Tumour size (invasive and in situ)

(Size cutoffs 5, 10, 20 and 50mm)

Histologic Type

Histologic Grade (Nottingham score)

Involvement of skin (epidermis, dermis, dermal lymphovascular spaces)

Involvement of skeletal muscle

DCIS (size, grade, architecture, necrosis)

LVI and PNI

Post neoadjuvant treatment effect (tumour and lymph nodes)

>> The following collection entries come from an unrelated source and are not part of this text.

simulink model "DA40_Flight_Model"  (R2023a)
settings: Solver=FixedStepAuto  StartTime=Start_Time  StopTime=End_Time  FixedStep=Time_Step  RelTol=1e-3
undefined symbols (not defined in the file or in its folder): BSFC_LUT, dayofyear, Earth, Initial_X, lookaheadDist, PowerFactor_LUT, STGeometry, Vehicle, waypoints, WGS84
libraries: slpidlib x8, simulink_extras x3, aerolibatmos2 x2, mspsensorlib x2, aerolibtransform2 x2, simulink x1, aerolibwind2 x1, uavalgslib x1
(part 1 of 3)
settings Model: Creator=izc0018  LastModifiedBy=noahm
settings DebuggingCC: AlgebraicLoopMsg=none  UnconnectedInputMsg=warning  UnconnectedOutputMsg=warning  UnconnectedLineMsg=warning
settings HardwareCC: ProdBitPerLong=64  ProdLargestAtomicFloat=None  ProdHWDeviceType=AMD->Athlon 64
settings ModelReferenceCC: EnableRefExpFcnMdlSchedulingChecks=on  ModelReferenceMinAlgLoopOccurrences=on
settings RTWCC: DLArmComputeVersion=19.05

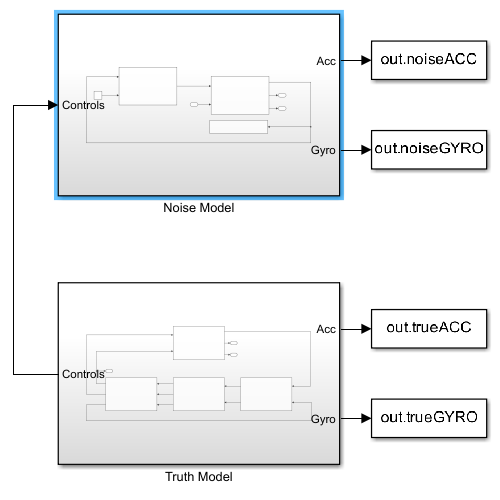
[thumbnail: Simulink's stored preview of the top-level diagram]
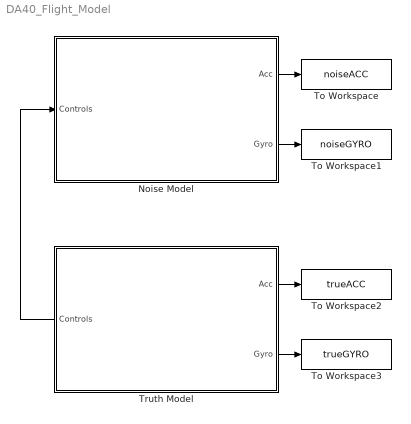
== system DA40_Flight_Model ==
  Noise Model : Subsystem
  To Workspace : ToWorkspace  VariableName=noiseACC  SaveFormat=Timeseries  SampleTime=-1
  To Workspace1 : ToWorkspace  VariableName=noiseGYRO  SaveFormat=Timeseries  SampleTime=-1
  To Workspace2 : ToWorkspace  VariableName=trueACC  SaveFormat=Timeseries  SampleTime=-1
  To Workspace3 : ToWorkspace  VariableName=trueGYRO  SaveFormat=Timeseries  SampleTime=-1
  Truth Model : Subsystem
      settings: PortSchema="{\"entries\":[{\"content\":{\"sides\":[{\"content\":{\"connectorIds\":[\"Out3\"]},\"type\":\"ConnectorPlacement.EquallySpacedRectSide\",\"uuid\":\"8eb98788-9771-4626-a3f5-af2a13caf3fb\"},{\"content\":{\"connectorIds\":[\"Out1\",\"Out2\"],\"side\":\"RIGHT\"},\"type\":\"ConnectorPlacement.EquallySpacedRectSide\",\"uuid\":\"345bd972-994d-44f9-8c5e-03b63b24e0ec\"},{\"content\":{\"side\":\"TOP\"},\"type\":\"ConnectorPlacement.EquallySpacedRectSide\",\"uuid\":\"1da6d2e0-f9fd-4d97-b889-7f9e1c209230\"}]},\"type\":\"ConnectorPlacement.EquallySpacedConnector\",\"uuid\":\"7d2beb0e-411b-47ae-aba6-e2acf08d65c2\"}],\"packageUris\":[\"http://schema.mathworks.com/mf0/Connector/R2020b\"],\"version\":\"1.0\"}"
  wires:
  Truth Model/3(Controls) -> Noise Model/1(Controls)
  Noise Model/1(Acc) -> To Workspace/1
  Noise Model/2(Gyro) -> To Workspace1/1
  Truth Model/1(Acc) -> To Workspace2/1
  Truth Model/2(Gyro) -> To Workspace3/1

== system DA40_Flight_Model/Noise Model ==
  Controls : Inport
  Band-Limited White Noise3 : simulink/Sources/Band-Limited White Noise  Cov=500  Ts=30  seed=1
  Environment : Subsystem
  Navigation : Subsystem
  Send To Workspace : Subsystem
  Acc : Outport
  Gyro : Outport  Port=2
  wires:
  Environment/1(Atmos) -> Navigation/1(Atmosphere)
  Navigation/1(States) -> Environment/1(States), Send To Workspace/1(States)
  Band-Limited White Noise3/1 -> Environment/2(Wind Model)
  Controls/1 -> Navigation/2(Controls)
  Navigation/2(Acc) -> Acc/1
  Navigation/3(Gyro) -> Gyro/1

== system DA40_Flight_Model/Truth Model ==
  Control : Subsystem
  Environment : Subsystem
  Guidance : Subsystem
  Navigation1 : Subsystem
  Acc : Outport
  Gyro : Outport  Port=2
  Controls : Outport  Port=3
  wires:
  Control/1(Controls) -> Navigation1/2(Controls), Controls/1
  Guidance/1(Commands) -> Control/1(Commands)
  Guidance/2(States Out) -> Control/2(States)
  Guidance/3(Atmos) -> Control/3(Atmos)
  Environment/1(States Out) -> Guidance/1(States)
  Environment/2(Atmos) -> Guidance/2(Atmosphere)
  Control/3(LLA) -> Environment/2(LLA)
  Control/2(Atmosphere) -> Navigation1/1(Atmosphere)
  Navigation1/1(States) -> Environment/1(States)
  Navigation1/2(Acc) -> Acc/1
  Navigation1/3(Gyro) -> Gyro/1

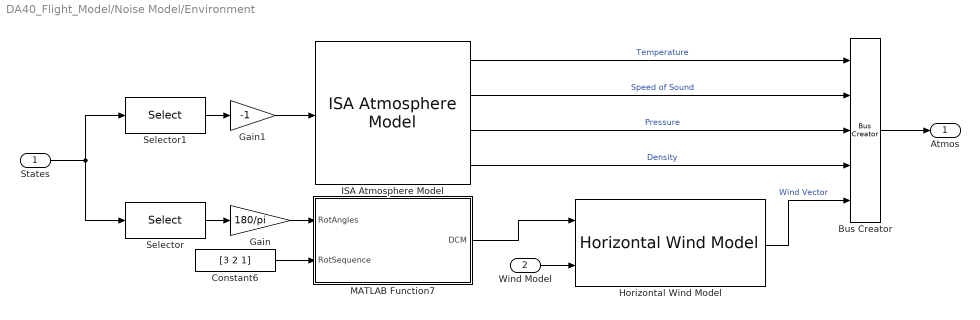
== system DA40_Flight_Model/Noise Model/Environment ==
  States : Inport
  Wind Model : Inport  Port=2
  Bus Creator : BusCreator  Inputs=5
  Constant6 : Constant  Value=[3 2 1]
  Gain : Gain  Gain=180/pi
  Gain1 : Gain  Gain=-1
  Horizontal Wind Model : aerolibwind2/Horizontal Wind Model  units=Metric (MKS)  Vw_source=External  Vwind=0  W_source=Internal  Wdeg=0
  ISA Atmosphere Model : aerolibatmos2/ISA Atmosphere Model  custom=off  g=9.80665  gamma=1.4  R=287.0531  L=0.0065  h_trop=11000  h_strat=20000  rho0=1.225  P0=101325  T0=288.15  h0=0
  MATLAB Function7 : MATLAB Function  TreatAsAtomicUnit=on
  Selector : Selector  InputPortWidth=12  IndexOptions=Index vector (dialog)  Indices=[10 11 12]  OutputSizes=1
  Selector1 : Selector  InputPortWidth=12  IndexOptions=Index vector (dialog)  Indices=[9]  OutputSizes=1
  Atmos : Outport
  wires:
  MATLAB Function7/1(DCM) -> Horizontal Wind Model/1
  States/1 -> Selector/1, Selector1/1
  Selector1/1 -> Gain1/1
  ISA Atmosphere Model/2 -> Bus Creator/2  "Speed of Sound"
  ISA Atmosphere Model/3 -> Bus Creator/3  "Pressure"
  Bus Creator/1 -> Atmos/1
  Selector/1 -> Gain/1
  ISA Atmosphere Model/1 -> Bus Creator/1  "Temperature"
  Gain/1 -> MATLAB Function7/1(RotAngles)
  ISA Atmosphere Model/4 -> Bus Creator/4  "Density"
  Constant6/1 -> MATLAB Function7/2(RotSequence)
  Horizontal Wind Model/1 -> Bus Creator/5  "Wind Vector"
  Gain1/1 -> ISA Atmosphere Model/1
  Wind Model/1 -> Horizontal Wind Model/2

== system DA40_Flight_Model/Noise Model/Navigation ==
  Atmosphere : Inport
  Controls : Inport  Port=2
  Constant1 : Constant  Value=Vehicle.MassProp.Mass
  DA-40 Equations of Motion : Subsystem
  Flight Mechanics and Systems Models : Subsystem
  States : Outport
  Acc : Outport  Port=2
  Gyro : Outport  Port=3
  wires:
  Flight Mechanics and Systems Models/1(Fb) -> DA-40 Equations of Motion/1(Fb [lb])
  Flight Mechanics and Systems Models/2(Mb) -> DA-40 Equations of Motion/2(Mb [lb-ft])
  Controls/1 -> Flight Mechanics and Systems Models/2(Control Commands)
  Atmosphere/1 -> Flight Mechanics and Systems Models/1(Atmosphere)
  Constant1/1 -> DA-40 Equations of Motion/3(Mass Properties)
  DA-40 Equations of Motion/3(States) -> States/1, Flight Mechanics and Systems Models/3(States)
  DA-40 Equations of Motion/1(Acc) -> Acc/1
  DA-40 Equations of Motion/2(Gyro) -> Gyro/1

== system DA40_Flight_Model/Noise Model/Send To Workspace ==
  States : Inport
  Constant : Constant  Value=0
  Demux : Demux  Outputs=2
  Flat Earth to LLA : aerolibtransform2/Flat Earth to LLA  units=Metric (MKS)  ptype=Earth (WGS84)  F=1/298.257223563  R=6378137  refPosPort=off  LL0=refLLA  psi=0
  Selector1 : Selector  InputPortWidth=12  IndexOptions=Index vector (dialog)  Indices=[7:9]  OutputSizes=1
  To Workspace1 : ToWorkspace  VariableName=noiseLONG  SampleTime=-1
  To Workspace2 : ToWorkspace  VariableName=noiseALT  SampleTime=-1
  To Workspace6 : ToWorkspace  VariableName=noiseLAT  SampleTime=-1
  wires:
  States/1 -> Selector1/1
  Selector1/1 -> Flat Earth to LLA/1
  Constant/1 -> Flat Earth to LLA/2
  Flat Earth to LLA/2 -> To Workspace2/1
  Flat Earth to LLA/1 -> Demux/1
  Demux/1 -> To Workspace6/1
  Demux/2 -> To Workspace1/1

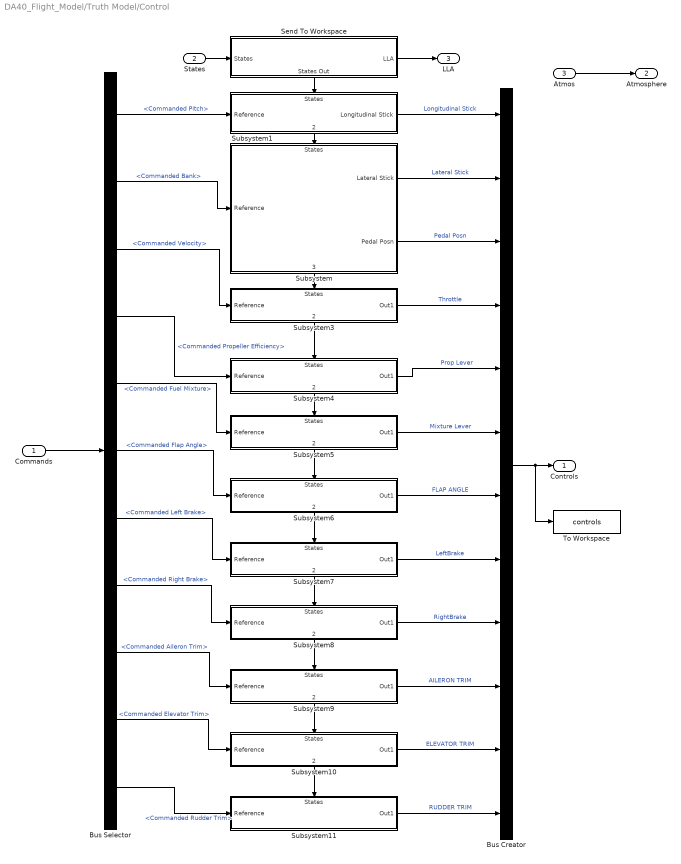
== system DA40_Flight_Model/Truth Model/Control ==
  Commands : Inport
  States : Inport  Port=2
  Atmos : Inport  Port=3
  Bus Creator : BusCreator  Inputs=12
  Bus Selector : BusSelector  OutputSignals=Commanded Pitch,Commanded Bank,Commanded Velocity,Commanded Propeller Efficiency,Commanded Fuel Mixture,Commanded Flap Angle,Commanded Left Brake,Commanded Right Brake,Commanded Aileron Trim,Commanded Elevator Trim,Commanded Rudder Trim
  Send To Workspace : Subsystem
      settings: PortSchema="{\"entries\":[{\"content\":{\"sides\":[{\"content\":{\"connectorIds\":[\"In1\"]},\"type\":\"ConnectorPlacement.EquallySpacedRectSide\",\"uuid\":\"f8d70518-feba-4467-9144-e72499141e10\"},{\"content\":{\"connectorIds\":[\"Out1\"],\"side\":\"RIGHT\"},\"type\":\"ConnectorPlacement.EquallySpacedRectSide\",\"uuid\":\"0d837ca8-6650-40ee-933a-3521e14176de\"},{\"content\":{\"side\":\"TOP\"},\"type\":\"ConnectorPlacement.EquallySpacedRectSide\",\"uuid\":\"54f7b60b-7724-46f0-8f38-219401d515c7\"},{\"content\":{\"connectorIds\":[\"Out2\"],\"side\":\"BOTTOM\"},\"type\":\"ConnectorPlacement.EquallySpacedRectSide\",\"uuid\":\"f1e71b5c-4796-4085-9245-75f71ccb39d6\"}]},\"type\":\"ConnectorPlacement.EquallySpacedConnector\",\"uuid\":\"946e06f8-2adb-45c5-9153-0b4b2f8d0bb6\"}],\"packageUris\":[\"http://schema.mathworks.com/mf0/Connector/R2020b\"],\"version\":\"1.0\"}"
  Subsystem : Subsystem
      settings: PortSchema="{\"entries\":[{\"content\":{\"sides\":[{\"content\":{\"connectorIds\":[\"In1\"]},\"type\":\"ConnectorPlacement.EquallySpacedRectSide\",\"uuid\":\"5ea7349d-baf6-49c5-809d-4b912ce56d76\"},{\"content\":{\"connectorIds\":[\"Out1\",\"Out2\"],\"side\":\"RIGHT\"},\"type\":\"ConnectorPlacement.EquallySpacedRectSide\",\"uuid\":\"ab3ceec7-e245-42b0-9eb8-e3a68951e219\"},{\"content\":{\"connectorIds\":[\"In2\"],\"side\":\"TOP\"},\"type\":\"ConnectorPlacement.EquallySpacedRectSide\",\"uuid\":\"18178c43-0035-4aec-a3ba-011af3830f5c\"},{\"content\":{\"connectorIds\":[\"Out3\"],\"side\":\"BOTTOM\"},\"type\":\"ConnectorPlacement.EquallySpacedRectSide\",\"uuid\":\"88476787-2df8-4308-98f2-16231590cef9\"}]},\"type\":\"ConnectorPlacement.EquallySpacedConnector\",\"uuid\":\"0f7476f8-a4e6-4d2f-9698-249fd1b1cc90\"}],\"packageUris\":[\"http://schema.mathworks.com/mf0/Connector/R2020b\"],\"version\":\"1.0\"}"
  Subsystem1 : Subsystem
      settings: PortSchema="{\"entries\":[{\"content\":{\"sides\":[{\"content\":{\"connectorIds\":[\"In1\"]},\"type\":\"ConnectorPlacement.EquallySpacedRectSide\",\"uuid\":\"df1e81ab-d97f-43f0-8cd1-ba06c25288e8\"},{\"content\":{\"connectorIds\":[\"Out1\"],\"side\":\"RIGHT\"},\"type\":\"ConnectorPlacement.EquallySpacedRectSide\",\"uuid\":\"fe7f65be-8a13-42ab-8ffa-afe418a633fa\"},{\"content\":{\"connectorIds\":[\"In2\"],\"side\":\"TOP\"},\"type\":\"ConnectorPlacement.EquallySpacedRectSide\",\"uuid\":\"4762097a-1dfd-4646-aeb3-678774417eb9\"},{\"content\":{\"connectorIds\":[\"Out2\"],\"side\":\"BOTTOM\"},\"type\":\"ConnectorPlacement.EquallySpacedRectSide\",\"uuid\":\"338e28fc-4594-4f48-8379-f1c16de78061\"}]},\"type\":\"ConnectorPlacement.EquallySpacedConnector\",\"uuid\":\"e1e6a329-5243-44ef-b6a4-a2802fff17f2\"}],\"packageUris\":[\"http://schema.mathworks.com/mf0/Connector/R2020b\"],\"version\":\"1.0\"}"
  Subsystem10 : Subsystem
      settings: PortSchema="{\"entries\":[{\"content\":{\"sides\":[{\"content\":{\"connectorIds\":[\"In1\"]},\"type\":\"ConnectorPlacement.EquallySpacedRectSide\",\"uuid\":\"df1e81ab-d97f-43f0-8cd1-ba06c25288e8\"},{\"content\":{\"connectorIds\":[\"Out1\"],\"side\":\"RIGHT\"},\"type\":\"ConnectorPlacement.EquallySpacedRectSide\",\"uuid\":\"fe7f65be-8a13-42ab-8ffa-afe418a633fa\"},{\"content\":{\"connectorIds\":[\"In2\"],\"side\":\"TOP\"},\"type\":\"ConnectorPlacement.EquallySpacedRectSide\",\"uuid\":\"4762097a-1dfd-4646-aeb3-678774417eb9\"},{\"content\":{\"connectorIds\":[\"Out2\"],\"side\":\"BOTTOM\"},\"type\":\"ConnectorPlacement.EquallySpacedRectSide\",\"uuid\":\"ca232b1a-28ac-4e7a-b8a6-76103b2c6113\"}]},\"type\":\"ConnectorPlacement.EquallySpacedConnector\",\"uuid\":\"e1e6a329-5243-44ef-b6a4-a2802fff17f2\"}],\"packageUris\":[\"http://schema.mathworks.com/mf0/Connector/R2020b\"],\"version\":\"1.0\"}"
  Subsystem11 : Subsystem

Margins: invasive and in situ

Biomarkers: ER / PR / HER2

NODES (pN)

Sentinel versus non-sentinel

Sentinel nodes: Number involved, ITC, micro or macrometastases

Non sentinel: Number involved, size of largest deposit and ENE

METASTASES (pM)

Non regional lymph nodes, lung, liver, bone, brain

Question 29

Treatment Response in Post NAT Breast

Answer 29

Loss of tumour may occur due to concentric shrinking of the tumour or as scattered loss / drop out of tumour cells

Tumour is replaced by loose fibrous tissue containing a variable infiltration of histiocytes, lymphocytes, giant cells, hemosiderin and vascular proliferation

Similar changes are seen in lymph nodes

Changes in normal breast tissue may include lobular atrophy, lobular cellular atypia and fibrous stromal involution

Classification Systems

Residual Cancer Burden (RCB 0 - IV)

• calculator on MD Anderson site
• submit entire maximum cross sectional area of tumour bed, and calculate % of tumour bed that contains residual cancer and % that is residual in situ.
• includes number of positive LN’s, size of largest deposit

Miller & Payne (1 - 5)

Question 30

Myoepithelial Markers in Breast

Answer 30

p63 / p40

SMMHC

calponin / SMA

Question 31

Tumour Syndromes Associated With Breast Cancer

Answer 31

BRCA1 / BRCA2

Cowden / PTEN Hamartoma Syndrome

Li-Fraumeni Syndrome

Peutz-Jegher Syndrome

Ataxia-Telangiectasia Syndrome

Hereditary diffuse gastric cancer syndrome (lobular)

Question 32

Grading of Phyllodes Tumours

Answer 32

Criteria:

Stromal cellularity

Stromal overgrowth (> 4x field)

Stromal pleomorphism

Infiltrative border

Mitoses / 10 HPF

Presence of heterologous elements = malignant (except ALT)

Question 33

Explain How You Would Cut Up this Specimen

Answer 33

1. PPE, 3 points of ID, check MDM (imaging / biopsy results)
2. Orient specimen, weigh and measure in 3D
3. Ink ant / sup blue, ant / inf green and deep black
4. Section from medial to lateral (removing HW in process), lay out slices, label and photograph
5. Describe tumour, including size, circumscription, appearance of cut surface and measure to all margins.
6. Block tumour: if DCIS (and small ish) all through otherwise Xray and block widely around biopsy clip / calcs. If invasive tumour usually 2 full faces of specimen and any other close margins (aiming 2 blocks / cm incl margins).

Question 34

DDX Low Grade Spindle Cell Lesions in the Breast

Answer 34

Metaplastic Carcinoma: HMWCK / P63 / P40 positive

Stromal component of Phyllodes: CD34 +, usually ER positive

Fibromatosis: SMA positive, Nuclear beta catenin

Nodular Fasciitis: SMA positive, USP6 rearranged

Myofibroblastoma: SMA, Desmin, ER and CD34 positive

Question 35

Type of VIN

Answer 35

HPV-Associated:

Younger women / immunocompromised, p16 block positive

Slower progression to SCC

Usually basaloid with peripheral palisading

HPV-Independent:

Older women, associated with LSC, p16 negative

Rapid progression to SCC

“dVIN” acanthosis, hyperparakeratosis, basal atypia with glassy pink cytoplasm. p53 parabasal, null, or cytoplasmic

When invasive -> Well differentiated, keratinising SCC

Question 36

NAT Treatment Response in Ovarian Epithelial Tumours

Answer 36

CRS - chemotherapy response score

Assessed in omentum (and other sites) post NAT for HGSC

Score 1: No or minimal tumor response (mainly viable tumor with no or minimal regression-associated fibro-inflammatory changes, limited to a few foci);

Score 2: Partial tumor response (multifocal or diffuse regression associated fibro-inflammatory changes, with viable tumor ranging from diffuse sheets, streaks or nodules, to extensive regression with multifocal but easily identifiable residual tumor;

Score 3: Complete or near-complete response (mainly regression, with few irregularly scattered individual tumor cells or cell groups, all measuring <2 mm, or no residual tumor identified).